> [Records from a data source]:
· · ·

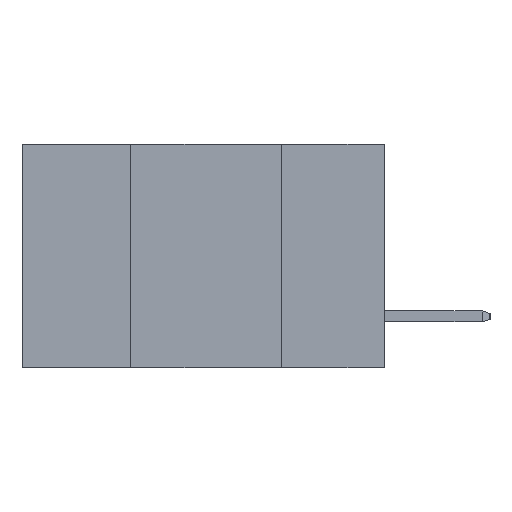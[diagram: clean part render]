
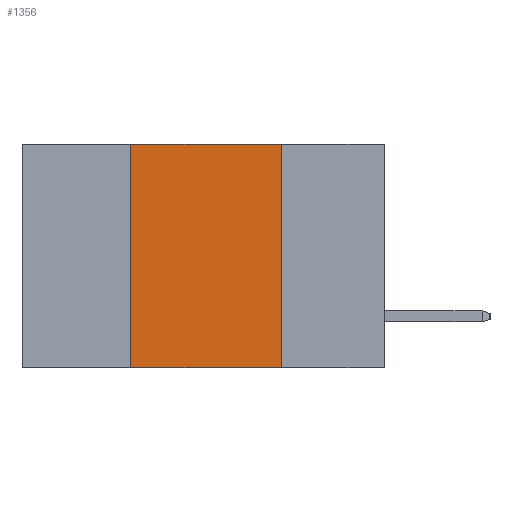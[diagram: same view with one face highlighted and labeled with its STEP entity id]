
A CAD part, left-side view. The second image highlights one B-rep face of the part: STEP entity #1356.
In plain terms, the highlighted planar face has unit normal (-1, 0, 0).
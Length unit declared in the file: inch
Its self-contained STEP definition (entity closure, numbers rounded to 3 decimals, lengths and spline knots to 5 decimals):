
#297 = CARTESIAN_POINT ( 'NONE',  ( 0., 0.42, 0. ) ) ;
#370 = DIRECTION ( 'NONE',  ( 0., -1., 0. ) ) ;
#764 = VERTEX_POINT ( 'NONE', #7971 ) ;
#819 = EDGE_LOOP ( 'NONE', ( #1640, #4736, #2091, #8826 ) ) ;
#1238 = AXIS2_PLACEMENT_3D ( 'NONE', #4018, #2996, #2617 ) ;
#1356 = ADVANCED_FACE ( 'NONE', ( #5436 ), #4670, .F. ) ;
#1640 = ORIENTED_EDGE ( 'NONE', *, *, #6604, .F. ) ;
#1857 = EDGE_CURVE ( 'NONE', #6137, #8965, #4447, .T. ) ;
#2091 = ORIENTED_EDGE ( 'NONE', *, *, #5286, .F. ) ;
#2346 = CARTESIAN_POINT ( 'NONE',  ( 0., 0.17, 0. ) ) ;
#2617 = DIRECTION ( 'NONE',  ( 0., 0., -1. ) ) ;
#2765 = LINE ( 'NONE', #8117, #8205 ) ;
#2996 = DIRECTION ( 'NONE',  ( 1., 0., 0. ) ) ;
#3947 = DIRECTION ( 'NONE',  ( 0., 0., -1. ) ) ;
#4018 = CARTESIAN_POINT ( 'NONE',  ( 0., 0.6, 0. ) ) ;
#4144 = DIRECTION ( 'NONE',  ( 0., -1., 0. ) ) ;
#4447 = LINE ( 'NONE', #4641, #5441 ) ;
#4641 = CARTESIAN_POINT ( 'NONE',  ( 0., 0.6, 0. ) ) ;
#4670 = PLANE ( 'NONE',  #1238 ) ;
#4736 = ORIENTED_EDGE ( 'NONE', *, *, #1857, .F. ) ;
#5078 = LINE ( 'NONE', #8923, #8527 ) ;
#5286 = EDGE_CURVE ( 'NONE', #8113, #6137, #5078, .T. ) ;
#5436 = FACE_OUTER_BOUND ( 'NONE', #819, .T. ) ;
#5441 = VECTOR ( 'NONE', #4144, 39.37008 ) ;
#5909 = LINE ( 'NONE', #6395, #9140 ) ;
#5926 = CARTESIAN_POINT ( 'NONE',  ( 0., 0.42, -0.37 ) ) ;
#6137 = VERTEX_POINT ( 'NONE', #297 ) ;
#6395 = CARTESIAN_POINT ( 'NONE',  ( 0., 0.6, -0.37 ) ) ;
#6604 = EDGE_CURVE ( 'NONE', #8965, #764, #2765, .T. ) ;
#7971 = CARTESIAN_POINT ( 'NONE',  ( 0., 0.17, -0.37 ) ) ;
#8113 = VERTEX_POINT ( 'NONE', #5926 ) ;
#8117 = CARTESIAN_POINT ( 'NONE',  ( 0., 0.17, -0.37 ) ) ;
#8205 = VECTOR ( 'NONE', #3947, 39.37008 ) ;
#8527 = VECTOR ( 'NONE', #8956, 39.37008 ) ;
#8826 = ORIENTED_EDGE ( 'NONE', *, *, #9505, .T. ) ;
#8923 = CARTESIAN_POINT ( 'NONE',  ( 0., 0.42, -0.37 ) ) ;
#8956 = DIRECTION ( 'NONE',  ( 0., 0., 1. ) ) ;
#8965 = VERTEX_POINT ( 'NONE', #2346 ) ;
#9140 = VECTOR ( 'NONE', #370, 39.37008 ) ;
#9505 = EDGE_CURVE ( 'NONE', #8113, #764, #5909, .T. ) ;

· · ·

> [Work to complete]: Return all records exactly as they stand above, except for pictures.

> [Task result]:
[diagram: clean part render]
[diagram: same view with one face highlighted and labeled with its STEP entity id]
A CAD part, left-side view. The second image highlights one B-rep face of the part: STEP entity #1356.
In plain terms, the highlighted planar face has unit normal (-1, 0, 0).
Length unit declared in the file: inch
Its self-contained STEP definition (entity closure, numbers rounded to 3 decimals, lengths and spline knots to 5 decimals):
#297 = CARTESIAN_POINT ( 'NONE',  ( 0., 0.42, 0. ) ) ;
#370 = DIRECTION ( 'NONE',  ( 0., -1., 0. ) ) ;
#764 = VERTEX_POINT ( 'NONE', #7971 ) ;
#819 = EDGE_LOOP ( 'NONE', ( #1640, #4736, #2091, #8826 ) ) ;
#1238 = AXIS2_PLACEMENT_3D ( 'NONE', #4018, #2996, #2617 ) ;
#1356 = ADVANCED_FACE ( 'NONE', ( #5436 ), #4670, .F. ) ;
#1640 = ORIENTED_EDGE ( 'NONE', *, *, #6604, .F. ) ;
#1857 = EDGE_CURVE ( 'NONE', #6137, #8965, #4447, .T. ) ;
#2091 = ORIENTED_EDGE ( 'NONE', *, *, #5286, .F. ) ;
#2346 = CARTESIAN_POINT ( 'NONE',  ( 0., 0.17, 0. ) ) ;
#2617 = DIRECTION ( 'NONE',  ( 0., 0., -1. ) ) ;
#2765 = LINE ( 'NONE', #8117, #8205 ) ;
#2996 = DIRECTION ( 'NONE',  ( 1., 0., 0. ) ) ;
#3947 = DIRECTION ( 'NONE',  ( 0., 0., -1. ) ) ;
#4018 = CARTESIAN_POINT ( 'NONE',  ( 0., 0.6, 0. ) ) ;
#4144 = DIRECTION ( 'NONE',  ( 0., -1., 0. ) ) ;
#4447 = LINE ( 'NONE', #4641, #5441 ) ;
#4641 = CARTESIAN_POINT ( 'NONE',  ( 0., 0.6, 0. ) ) ;
#4670 = PLANE ( 'NONE',  #1238 ) ;
#4736 = ORIENTED_EDGE ( 'NONE', *, *, #1857, .F. ) ;
#5078 = LINE ( 'NONE', #8923, #8527 ) ;
#5286 = EDGE_CURVE ( 'NONE', #8113, #6137, #5078, .T. ) ;
#5436 = FACE_OUTER_BOUND ( 'NONE', #819, .T. ) ;
#5441 = VECTOR ( 'NONE', #4144, 39.37008 ) ;
#5909 = LINE ( 'NONE', #6395, #9140 ) ;
#5926 = CARTESIAN_POINT ( 'NONE',  ( 0., 0.42, -0.37 ) ) ;
#6137 = VERTEX_POINT ( 'NONE', #297 ) ;
#6395 = CARTESIAN_POINT ( 'NONE',  ( 0., 0.6, -0.37 ) ) ;
#6604 = EDGE_CURVE ( 'NONE', #8965, #764, #2765, .T. ) ;
#7971 = CARTESIAN_POINT ( 'NONE',  ( 0., 0.17, -0.37 ) ) ;
#8113 = VERTEX_POINT ( 'NONE', #5926 ) ;
#8117 = CARTESIAN_POINT ( 'NONE',  ( 0., 0.17, -0.37 ) ) ;
#8205 = VECTOR ( 'NONE', #3947, 39.37008 ) ;
#8527 = VECTOR ( 'NONE', #8956, 39.37008 ) ;
#8826 = ORIENTED_EDGE ( 'NONE', *, *, #9505, .T. ) ;
#8923 = CARTESIAN_POINT ( 'NONE',  ( 0., 0.42, -0.37 ) ) ;
#8956 = DIRECTION ( 'NONE',  ( 0., 0., 1. ) ) ;
#8965 = VERTEX_POINT ( 'NONE', #2346 ) ;
#9140 = VECTOR ( 'NONE', #370, 39.37008 ) ;
#9505 = EDGE_CURVE ( 'NONE', #8113, #764, #5909, .T. ) ;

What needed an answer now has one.